Google to Implement Stricter Rules on Gambling Advertisements
Summary
Google Ads will introduce tougher certification requirements under its updated Gambling and Games policy, effective 23 March 2026. Advertisers in all gambling-related categories must demonstrate stronger policy compliance and a solid compliance history to be eligible for certification.
The update tightens eligibility rules: applicants must own the second-level domain of their website, show a genuine connection to gambling activity, and cannot use free hosting, third-party subdomains or operate multiple second-level domains for gambling advertising. Google will also scrutinise how gambling operations are hosted and structured, aiming to ensure adverts are run by legitimate operators and to reduce scams and misleading ads.
Key Points
- New certification rules take effect 23 March 2026 and apply across gambling-related categories on Google Ads.
- Advertisers must show a “healthy” policy record — past compliance, current adherence and ongoing commitment will be evaluated.
- Applicants must own the primary second-level domain; sites without a substantive gambling connection will be ineligible.
- Google prohibits use of free hosting, third-party subdomains and multiple second-level domains for gambling ads.
- The changes aim to reduce scammy or misleading gambling ads and align Google with tightening European advertising oversight.
Context and Relevance
The move looks designed to align Google with increasingly strict regional rules — especially across the EU and nearby jurisdictions such as the UK, Switzerland and Norway — and to protect users from fraudulent operators. For operators, affiliates and marketers this is a structural change: domain ownership and hosting setup could determine whether you can advertise at all.

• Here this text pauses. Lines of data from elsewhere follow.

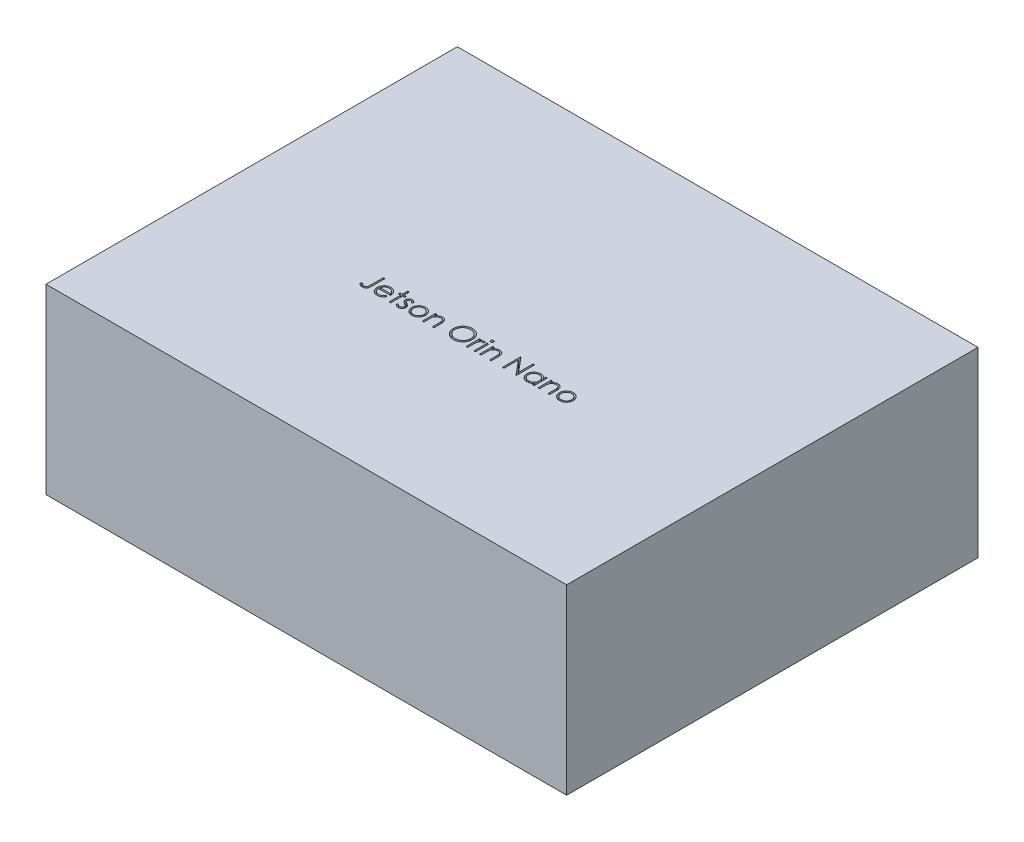
from build123d import *

# Parameters (mm, degrees)
SKETCH1_W           = 100
SKETCH1_H           = 79
BOSS_EXTRUDE1_DEPTH = 35
SKETCH2_W           = 0.314102564
SKETCH2_H           = 2.557692308
CUT_EXTRUDE1_DEPTH  = 5


with BuildPart() as part:
    # Sketch1 → Boss-Extrude1 (new body)
    with BuildSketch(Plane(origin=(0, 0, 0), x_dir=(1, 0, 0), z_dir=(0, 1, 0))):
        with Locations((50, 39.5)):
            Rectangle(SKETCH1_W, SKETCH1_H)
    extrude(amount=BOSS_EXTRUDE1_DEPTH)

    # Sketch2 → Cut-Extrude1 (cut)
    # profile 1 of 15: a face of its own
    with BuildSketch(Plane(origin=(0, 35, 0), x_dir=(1, 0, 0), z_dir=(0, 1, 0))):
        with BuildLine():
            Line((31.310897436, 33.5), (31.625, 33.5))
            Line((31.625, 33.5), (31.625, 31.136518429))
            add(Edge.make_bspline(
                [(31.625, 31.136518429), (31.624686081, 31.092813259), (31.624083319, 31.008893997), (31.620768909, 30.888020102), (31.614635431, 30.777649415), (31.605700418, 30.677530968), (31.593780186, 30.587978413), (31.580139157, 30.508299795), (31.563626359, 30.439160113), (31.538759892, 30.361524757), (31.497985944, 30.276380952), (31.436618906, 30.184425802), (31.360386109, 30.103992391), (31.272085076, 30.034139666), (31.170944052, 29.978482435), (31.059045833, 29.938527257), (30.937079245, 29.9141564), (30.852480033, 29.911582495), (30.808894231, 29.91025641)],
                knots=[0, 0, 0, 0, 1.237770943, 2.376671248, 3.424123796, 4.367912054, 5.222547132, 5.982086412, 6.656319012, 7.234008312, 8.288027371, 9.317870876, 10.352700517, 11.413286737, 12.494591526, 13.606319346, 14.766767577, 16, 16, 16, 16], degree=3))
            add(Edge.make_bspline(
                [(30.808894231, 29.91025641), (30.774935873, 29.911337019), (30.706609407, 29.913511277), (30.604918698, 29.93123299), (30.503516722, 29.958549033), (30.401865273, 29.998551628), (30.297956032, 30.052957227), (30.190381685, 30.124142043), (30.077758494, 30.21197357), (30.003575208, 30.279011315), (29.96474359, 30.314102564)],
                knots=[0, 0, 0, 0, 0.848567217, 1.707373443, 2.573483905, 3.470863513, 4.432650262, 5.500696352, 6.691726801, 8, 8, 8, 8], degree=3))
            Line((29.96474359, 30.314102564), (30.149839744, 30.583333333))
            add(Edge.make_bspline(
                [(30.149839744, 30.583333333), (30.192542423, 30.553885937), (30.273170649, 30.498285413), (30.39167509, 30.426758813), (30.496672243, 30.365433647), (30.56535519, 30.334181368), (30.597155449, 30.319711538)],
                knots=[0, 0, 0, 0, 1.196737151, 2.259595785, 3.194191475, 4, 4, 4, 4], degree=3))
            add(Edge.make_bspline(
                [(30.597155449, 30.319711538), (30.61643976, 30.312152081), (30.65426059, 30.297326302), (30.712085669, 30.280780404), (30.769580706, 30.271737994), (30.8076984, 30.270056661), (30.826422276, 30.269230769)],
                knots=[0, 0, 0, 0, 1.051806502, 2.062826769, 3.048436908, 4, 4, 4, 4], degree=3))
            add(Edge.make_bspline(
                [(30.826422276, 30.269230769), (30.850605064, 30.270253504), (30.89840552, 30.272275074), (30.967869514, 30.290124349), (31.034327546, 30.317368752), (31.095397203, 30.357260046), (31.15168259, 30.404691467), (31.198125416, 30.462047475), (31.23684266, 30.525613459), (31.260142354, 30.585784913), (31.274987126, 30.640661544), (31.284408753, 30.691094679), (31.292647413, 30.750056158), (31.299828965, 30.817616358), (31.304033435, 30.89391054), (31.308750708, 30.978714683), (31.310455969, 31.072242596), (31.31074579, 31.137453547), (31.310897436, 31.171574519)],
                knots=[0, 0, 0, 0, 0.997221856, 1.971139923, 2.944579524, 3.951425367, 4.971190333, 5.972282193, 6.985401279, 8.033996657, 8.624075553, 9.332086008, 10.151144245, 11.082816738, 12.137127781, 13.306538797, 14.590673636, 16, 16, 16, 16], degree=3))
            Line((31.310897436, 31.171574519), (31.310897436, 33.5))
        make_face()
    # profile 2 of 15: a face of its own
    with BuildSketch(Plane(origin=(0, 35, 0), x_dir=(1, 0, 0), z_dir=(0, 1, 0))):
        with BuildLine():
            Line((34.531850962, 30.807692308), (34.810897436, 30.661157853))
            add(Edge.make_bspline(
                [(34.810897436, 30.661157853), (34.788660841, 30.621714521), (34.745397232, 30.544973418), (34.670996484, 30.439541558), (34.593004412, 30.344693842), (34.507900444, 30.262964188), (34.418230765, 30.191712803), (34.32349811, 30.129374978), (34.223209292, 30.076256458), (34.117359567, 30.03150393), (34.005060016, 29.997094436), (33.8860385, 29.972790215), (33.760067005, 29.957766946), (33.673720825, 29.956021806), (33.629507212, 29.955128205)],
                knots=[0, 0, 0, 0, 1.120438281, 2.179929193, 3.190490725, 4.156257408, 5.095198341, 6.022838206, 6.959905092, 7.901321166, 8.864066838, 9.862729781, 10.905609505, 12, 12, 12, 12], degree=3))
            add(Edge.make_bspline(
                [(33.629507212, 29.955128205), (33.580365234, 29.95627538), (33.484503472, 29.958513187), (33.344963725, 29.977805652), (33.213584307, 30.00927801), (33.090372603, 30.053243552), (32.975630351, 30.110670876), (32.869129496, 30.180630358), (32.77030997, 30.262762612), (32.682285761, 30.357779056), (32.603041878, 30.459461013), (32.533116058, 30.565416898), (32.474658627, 30.675380122), (32.427106017, 30.788650646), (32.388701152, 30.90451454), (32.361934448, 31.024026007), (32.3465047, 31.146861592), (32.344140255, 31.229958927), (32.342948718, 31.271834936)],
                knots=[0, 0, 0, 0, 1.145258523, 2.234067595, 3.276747158, 4.290159414, 5.277019952, 6.260822364, 7.254936242, 8.264827045, 9.274100331, 10.257902744, 11.220704747, 12.172965371, 13.118907548, 14.062713208, 15.023725156, 16, 16, 16, 16], degree=3))
            add(Edge.make_bspline(
                [(32.342948718, 31.271834936), (32.344007859, 31.311129766), (32.346106938, 31.389006931), (32.359337725, 31.504272476), (32.382786018, 31.616300928), (32.414962342, 31.725185376), (32.456513588, 31.83074351), (32.507345807, 31.933039574), (32.567538185, 32.031964713), (32.614010859, 32.094367847), (32.637419872, 32.125801282)],
                knots=[0, 0, 0, 0, 1.024358464, 2.0301432, 3.019427413, 4.004406732, 4.986367066, 5.972626655, 6.978780325, 8, 8, 8, 8], degree=3))
            add(Edge.make_bspline(
                [(32.637419872, 32.125801282), (32.669127555, 32.163670152), (32.731538501, 32.238208303), (32.837094857, 32.336146628), (32.951395053, 32.418190404), (33.073006679, 32.48619754), (33.203343153, 32.537871187), (33.340652444, 32.576378769), (33.48649803, 32.59795678), (33.586203251, 32.601004614), (33.637219551, 32.602564103)],
                knots=[0, 0, 0, 0, 1.030682036, 2.02871468, 2.997146059, 3.962720338, 4.930598197, 5.918074684, 6.934738563, 8, 8, 8, 8], degree=3))
            add(Edge.make_bspline(
                [(33.637219551, 32.602564103), (33.689667157, 32.601210054), (33.792557403, 32.598553718), (33.942589524, 32.573927385), (34.08455024, 32.53487483), (34.218382744, 32.47972104), (34.344100605, 32.408561488), (34.460886655, 32.320419647), (34.570738167, 32.218001559), (34.634646746, 32.13923835), (34.667167468, 32.099158654)],
                knots=[0, 0, 0, 0, 1.056321875, 2.072262726, 3.055038591, 4.01806755, 4.982017516, 5.957941055, 6.960871419, 8, 8, 8, 8], degree=3))
            add(Edge.make_bspline(
                [(34.667167468, 32.099158654), (34.689294406, 32.068955072), (34.733400999, 32.008748954), (34.788648099, 31.910577797), (34.836605494, 31.807867202), (34.874938455, 31.698956905), (34.905977957, 31.585137325), (34.928434775, 31.46559478), (34.941604394, 31.340364869), (34.944193091, 31.255038314), (34.945512821, 31.211538462)],
                knots=[0, 0, 0, 0, 0.94817472, 1.890038105, 2.849395472, 3.817997239, 4.812318967, 5.836947057, 6.897266129, 8, 8, 8, 8], degree=3))
            Line((34.945512821, 31.211538462), (32.657051282, 31.211538462))
            add(Edge.make_bspline(
                [(32.657051282, 31.211538462), (32.658590888, 31.177837997), (32.661618462, 31.111567394), (32.675733606, 31.01459661), (32.697982379, 30.922223268), (32.729251442, 30.835140226), (32.767118287, 30.752210099), (32.813504004, 30.674048062), (32.868843558, 30.601010132), (32.930569257, 30.532442994), (32.999276353, 30.471382233), (33.0715591, 30.416730457), (33.148452665, 30.37092486), (33.229350748, 30.33374497), (33.314122534, 30.304638654), (33.402794729, 30.284770834), (33.495192845, 30.271463727), (33.558178579, 30.269984061), (33.590244391, 30.269230769)],
                knots=[0, 0, 0, 0, 1.094153842, 2.151609401, 3.174256925, 4.172055639, 5.149267565, 6.128595816, 7.11444997, 8.118368179, 9.117203808, 10.09244225, 11.054858984, 12.015122123, 12.976791628, 13.957293641, 14.960065497, 16, 16, 16, 16], degree=3))
            add(Edge.make_bspline(
                [(33.590244391, 30.269230769), (33.621595539, 30.269838826), (33.68380223, 30.271045327), (33.776443087, 30.282777238), (33.867582614, 30.301747513), (33.956843598, 30.327637504), (34.042414443, 30.359214356), (34.121659994, 30.397317213), (34.194540209, 30.43946696), (34.262657176, 30.487676635), (34.328728169, 30.546684822), (34.394270656, 30.620320543), (34.464547309, 30.707408071), (34.508536902, 30.772953737), (34.531850962, 30.807692308)],
                knots=[0, 0, 0, 0, 0.99110716, 1.966546729, 2.947904876, 3.932708344, 4.903319531, 5.828989031, 6.710028674, 7.56322171, 8.463672341, 9.504779593, 10.677557249, 12, 12, 12, 12], degree=3))
        make_face()
        with BuildLine():
            add(Edge.make_bspline(
                [(34.631410256, 31.525641026), (34.619913632, 31.567303899), (34.59778633, 31.64749152), (34.551549966, 31.75853241), (34.499478425, 31.857220311), (34.437856694, 31.942799944), (34.368037968, 32.018803457), (34.287392786, 32.085222043), (34.196956892, 32.144639494), (34.097197751, 32.194791993), (33.991555966, 32.237481852), (33.880949774, 32.266106968), (33.768091986, 32.28571651), (33.6917577, 32.287542618), (33.653345353, 32.288461538)],
                knots=[0, 0, 0, 0, 1.154881502, 2.222775134, 3.210006277, 4.132804581, 5.035138423, 5.962687519, 6.919655026, 7.923214229, 8.944639381, 9.960483929, 10.97369054, 12, 12, 12, 12], degree=3))
            add(Edge.make_bspline(
                [(33.653345353, 32.288461538), (33.621995914, 32.287849867), (33.560024665, 32.286640721), (33.468723597, 32.275170592), (33.381043898, 32.256210747), (33.29633861, 32.23024579), (33.215717742, 32.195637188), (33.137522974, 32.155053961), (33.063742577, 32.105512377), (33.017601282, 32.067753522), (32.994290865, 32.048677885)],
                knots=[0, 0, 0, 0, 1.04873581, 2.073130211, 3.073294108, 4.04793562, 5.032784715, 6.005352987, 6.992311501, 8, 8, 8, 8], degree=3))
            add(Edge.make_bspline(
                [(32.994290865, 32.048677885), (32.977597583, 32.033583569), (32.943814449, 32.003036353), (32.898673928, 31.950407146), (32.855453455, 31.893655584), (32.816119802, 31.83061046), (32.780042216, 31.761989681), (32.746282239, 31.688372045), (32.715895827, 31.609198915), (32.698799717, 31.554026476), (32.690004006, 31.525641026)],
                knots=[0, 0, 0, 0, 0.879870761, 1.780643979, 2.707998968, 3.669668524, 4.684282772, 5.740141944, 6.837334558, 8, 8, 8, 8], degree=3))
            Line((32.690004006, 31.525641026), (34.631410256, 31.525641026))
        make_face(mode=Mode.SUBTRACT)
    # profile 3 of 15: a face of its own
    with BuildSketch(Plane(origin=(0, 35, 0), x_dir=(1, 0, 0), z_dir=(0, 1, 0))):
        Polygon((35.887820513, 33.58974359), (36.201923077, 33.58974359), (36.201923077, 32.557692308), (36.650641026, 32.557692308), (36.650641026, 32.243589744), (36.201923077, 32.243589744), (36.201923077, 30), (35.887820513, 30), (35.887820513, 32.243589744), (35.439102564, 32.243589744), (35.439102564, 32.557692308), (35.887820513, 32.557692308), align=None)
    # profile 4 of 15: a face of its own
    with BuildSketch(Plane(origin=(0, 35, 0), x_dir=(1, 0, 0), z_dir=(0, 1, 0))):
        with BuildLine():
            Line((38.400641026, 32.238681891), (38.1875, 32.019230769))
            add(Edge.make_bspline(
                [(38.1875, 32.019230769), (38.169109496, 32.040543916), (38.133654771, 32.081633153), (38.07742329, 32.136570219), (38.021399686, 32.182707158), (37.966350873, 32.221659417), (37.910892603, 32.251108564), (37.855675685, 32.272603426), (37.800642947, 32.285905231), (37.763856912, 32.28761967), (37.745793269, 32.288461538)],
                knots=[0, 0, 0, 0, 1.26578478, 2.440284043, 3.530471711, 4.527705817, 5.468200915, 6.346673037, 7.188140097, 8, 8, 8, 8], degree=3))
            add(Edge.make_bspline(
                [(37.745793269, 32.288461538), (37.723653879, 32.287386665), (37.680086693, 32.285271468), (37.617660875, 32.264158037), (37.55971025, 32.231749299), (37.50955327, 32.185780715), (37.46706559, 32.133016446), (37.436051909, 32.074020122), (37.417085925, 32.010572078), (37.414681193, 31.96654222), (37.413461538, 31.944210737)],
                knots=[0, 0, 0, 0, 0.99966794, 1.967205029, 2.953328237, 3.988086729, 5.028030931, 6.008226631, 6.989793394, 8, 8, 8, 8], degree=3))
            add(Edge.make_bspline(
                [(37.413461538, 31.944210737), (37.414572351, 31.923998693), (37.416790844, 31.883631582), (37.434037523, 31.824083548), (37.461503595, 31.76602651), (37.48717379, 31.730463604), (37.500400641, 31.712139423)],
                knots=[0, 0, 0, 0, 0.960159726, 1.917612774, 2.927026955, 4, 4, 4, 4], degree=3))
            add(Edge.make_bspline(
                [(37.500400641, 31.712139423), (37.508364135, 31.702354839), (37.525313428, 31.681529584), (37.557121943, 31.652625731), (37.593144445, 31.62068348), (37.636464383, 31.588746643), (37.685215411, 31.555114918), (37.740454695, 31.521112785), (37.8004292, 31.48414836), (37.843366507, 31.460703924), (37.865685096, 31.448517628)],
                knots=[0, 0, 0, 0, 0.66740084, 1.420478572, 2.27185888, 3.217733974, 4.268547843, 5.408967954, 6.65319498, 8, 8, 8, 8], degree=3))
            add(Edge.make_bspline(
                [(37.865685096, 31.448517628), (37.892898673, 31.433272725), (37.945466343, 31.403824593), (38.020159111, 31.358114889), (38.087946152, 31.312683465), (38.149401819, 31.268016191), (38.203343628, 31.222863324), (38.251408181, 31.178955567), (38.292396625, 31.134966258), (38.315350551, 31.104233145), (38.326322115, 31.089543269)],
                knots=[0, 0, 0, 0, 1.27191281, 2.456916733, 3.569705269, 4.599008579, 5.553216877, 6.436649441, 7.252746552, 8, 8, 8, 8], degree=3))
            add(Edge.make_bspline(
                [(38.326322115, 31.089543269), (38.344532643, 31.059877181), (38.380774972, 31.00083616), (38.418833239, 30.903617733), (38.440893513, 30.80050723), (38.443955734, 30.72997501), (38.445512821, 30.694110577)],
                knots=[0, 0, 0, 0, 0.995354457, 1.980940102, 2.973342416, 4, 4, 4, 4], degree=3))
            add(Edge.make_bspline(
                [(38.445512821, 30.694110577), (38.444793287, 30.668841431), (38.443375367, 30.619045818), (38.4335173, 30.545710988), (38.416562323, 30.47557643), (38.393468569, 30.407881146), (38.362284197, 30.343922206), (38.325736399, 30.282085957), (38.281861488, 30.223710026), (38.231770112, 30.168871066), (38.176924618, 30.118785319), (38.11841848, 30.074761365), (38.056179649, 30.038187028), (37.990652848, 30.007921682), (37.921689194, 29.983853424), (37.849277904, 29.967190893), (37.77364915, 29.957218132), (37.722219342, 29.955833656), (37.696013622, 29.955128205)],
                knots=[0, 0, 0, 0, 1.032770009, 2.035186124, 3.017557409, 3.978232242, 4.952395191, 5.920591857, 6.910227898, 7.931268572, 8.952309245, 9.941945286, 10.918353717, 11.897095711, 12.887975737, 13.898235213, 14.929059601, 16, 16, 16, 16], degree=3))
            add(Edge.make_bspline(
                [(37.696013622, 29.955128205), (37.660646446, 29.956120905), (37.590403519, 29.958092513), (37.4865138, 29.976598574), (37.384993042, 30.005393968), (37.286609501, 30.045109902), (37.193563387, 30.095260615), (37.108432463, 30.155323008), (37.030921, 30.223313006), (36.986802727, 30.275425916), (36.96474359, 30.301482372)],
                knots=[0, 0, 0, 0, 1.013940152, 2.01379169, 3.017749504, 4.037548394, 5.051665909, 6.043208538, 7.021604269, 8, 8, 8, 8], degree=3))
            Line((36.96474359, 30.301482372), (37.172976763, 30.538461538))
            add(Edge.make_bspline(
                [(37.172976763, 30.538461538), (37.192749176, 30.517106774), (37.231080988, 30.475707334), (37.292382205, 30.420582993), (37.354761606, 30.374381722), (37.417596292, 30.335738307), (37.481816387, 30.305962904), (37.547062001, 30.28504431), (37.613200425, 30.271600118), (37.657622561, 30.270021836), (37.679887821, 30.269230769)],
                knots=[0, 0, 0, 0, 1.179806542, 2.287233372, 3.337373186, 4.324005949, 5.273901747, 6.200048787, 7.097828587, 8, 8, 8, 8], degree=3))
            add(Edge.make_bspline(
                [(37.679887821, 30.269230769), (37.710205746, 30.270601594), (37.769441888, 30.273279956), (37.854285647, 30.297597048), (37.932624273, 30.335727), (38.000647619, 30.389811698), (38.05854978, 30.452767271), (38.100477954, 30.52368139), (38.12675413, 30.600472847), (38.129840128, 30.653705149), (38.131410256, 30.680789263)],
                knots=[0, 0, 0, 0, 1.072336372, 2.095165389, 3.102688358, 4.141489647, 5.156069229, 6.117746104, 7.042326257, 8, 8, 8, 8], degree=3))
            add(Edge.make_bspline(
                [(38.131410256, 30.680789263), (38.130323962, 30.703098881), (38.128179219, 30.747146237), (38.111335947, 30.810896578), (38.084723095, 30.871365859), (38.058518447, 30.906755506), (38.045172276, 30.924779647)],
                knots=[0, 0, 0, 0, 1.013901739, 2.00181326, 2.98231254, 4, 4, 4, 4], degree=3))
            add(Edge.make_bspline(
                [(38.045172276, 30.924779647), (38.037149881, 30.93381501), (38.019674209, 30.953497292), (37.987618967, 30.98192237), (37.949237105, 31.01256047), (37.904096942, 31.044892059), (37.85210748, 31.078490664), (37.793058005, 31.113180016), (37.727757452, 31.150607742), (37.681586821, 31.175427397), (37.657451923, 31.188401442)],
                knots=[0, 0, 0, 0, 0.615000592, 1.339693406, 2.178160186, 3.116406724, 4.166410947, 5.330106347, 6.604359322, 8, 8, 8, 8], degree=3))
            add(Edge.make_bspline(
                [(37.657451923, 31.188401442), (37.631405283, 31.202940574), (37.580892536, 31.23113659), (37.509345245, 31.275052671), (37.44479789, 31.319719945), (37.385697316, 31.362632784), (37.33353631, 31.406053728), (37.288520362, 31.45003098), (37.248877146, 31.492790966), (37.226929734, 31.523088263), (37.216446314, 31.537560096)],
                knots=[0, 0, 0, 0, 1.262093308, 2.447601706, 3.550203992, 4.582594899, 5.537233252, 6.418365656, 7.244515135, 8, 8, 8, 8], degree=3))
            add(Edge.make_bspline(
                [(37.216446314, 31.537560096), (37.198315714, 31.566705711), (37.162048179, 31.625007126), (37.126832988, 31.722317603), (37.102626959, 31.824762661), (37.100464569, 31.895449515), (37.099358974, 31.931590545)],
                knots=[0, 0, 0, 0, 0.985009483, 1.970363186, 2.962279964, 4, 4, 4, 4], degree=3))
            add(Edge.make_bspline(
                [(37.099358974, 31.931590545), (37.09989317, 31.955215943), (37.100938666, 32.001454194), (37.109282717, 32.069393014), (37.124474428, 32.133941168), (37.143529351, 32.196068031), (37.170012355, 32.254570125), (37.201658261, 32.310227596), (37.238845685, 32.362963514), (37.281688976, 32.411966646), (37.328795622, 32.456475972), (37.379690391, 32.4952746), (37.433228648, 32.528380955), (37.489637067, 32.556146116), (37.54945754, 32.577147498), (37.612271927, 32.591604883), (37.677953082, 32.601260086), (37.722854208, 32.602123171), (37.745793269, 32.602564103)],
                knots=[0, 0, 0, 0, 1.087655834, 2.128696564, 3.144119009, 4.137814668, 5.115653402, 6.093965665, 7.082169637, 8.081268856, 9.086088321, 10.061021666, 11.022561449, 11.980240094, 12.950172527, 13.934149372, 14.944599409, 16, 16, 16, 16], degree=3))
            add(Edge.make_bspline(
                [(37.745793269, 32.602564103), (37.772985333, 32.601459762), (37.827879555, 32.599230364), (37.910234181, 32.581524674), (37.992467523, 32.552391569), (38.074790873, 32.512155336), (38.156601162, 32.46008846), (38.238618019, 32.397159161), (38.321826049, 32.323781446), (38.373782362, 32.267682221), (38.400641026, 32.238681891)],
                knots=[0, 0, 0, 0, 0.845714091, 1.707292901, 2.609013841, 3.555613372, 4.552488639, 5.621697636, 6.770543573, 8, 8, 8, 8], degree=3))
        make_face()
    # profile 5 of 15: a face of its own
    with BuildSketch(Plane(origin=(0, 35, 0), x_dir=(1, 0, 0), z_dir=(0, 1, 0))):
        with BuildLine():
            add(Edge.make_bspline(
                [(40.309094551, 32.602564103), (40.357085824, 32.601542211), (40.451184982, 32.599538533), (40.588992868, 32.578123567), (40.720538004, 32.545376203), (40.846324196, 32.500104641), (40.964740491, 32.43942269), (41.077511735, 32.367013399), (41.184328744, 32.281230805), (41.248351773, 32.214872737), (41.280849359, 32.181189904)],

Sites relying on subdomains, free platforms or holding multiple SLDs for marketing purposes will need to reassess technical set-up and compliance documentation now. Regulators across Europe have been ramping up scrutiny of gambling marketing, and Google appears to be tightening its rules to better fit those local regimes and to limit bad actors.
Why should I read this?
Short version: if you run gambling ads or work with gambling affiliates, this could hit your campaigns. Get your house in order — own your domain, lock down hosting, and tidy up your compliance record. If you don’t, Google may simply refuse your certification and your ads will stop running.
Author note (punchy): This isn’t a tweak — it’s a potential business-stopper. Read the detail, check licences and hosting now, or risk losing ad access come March.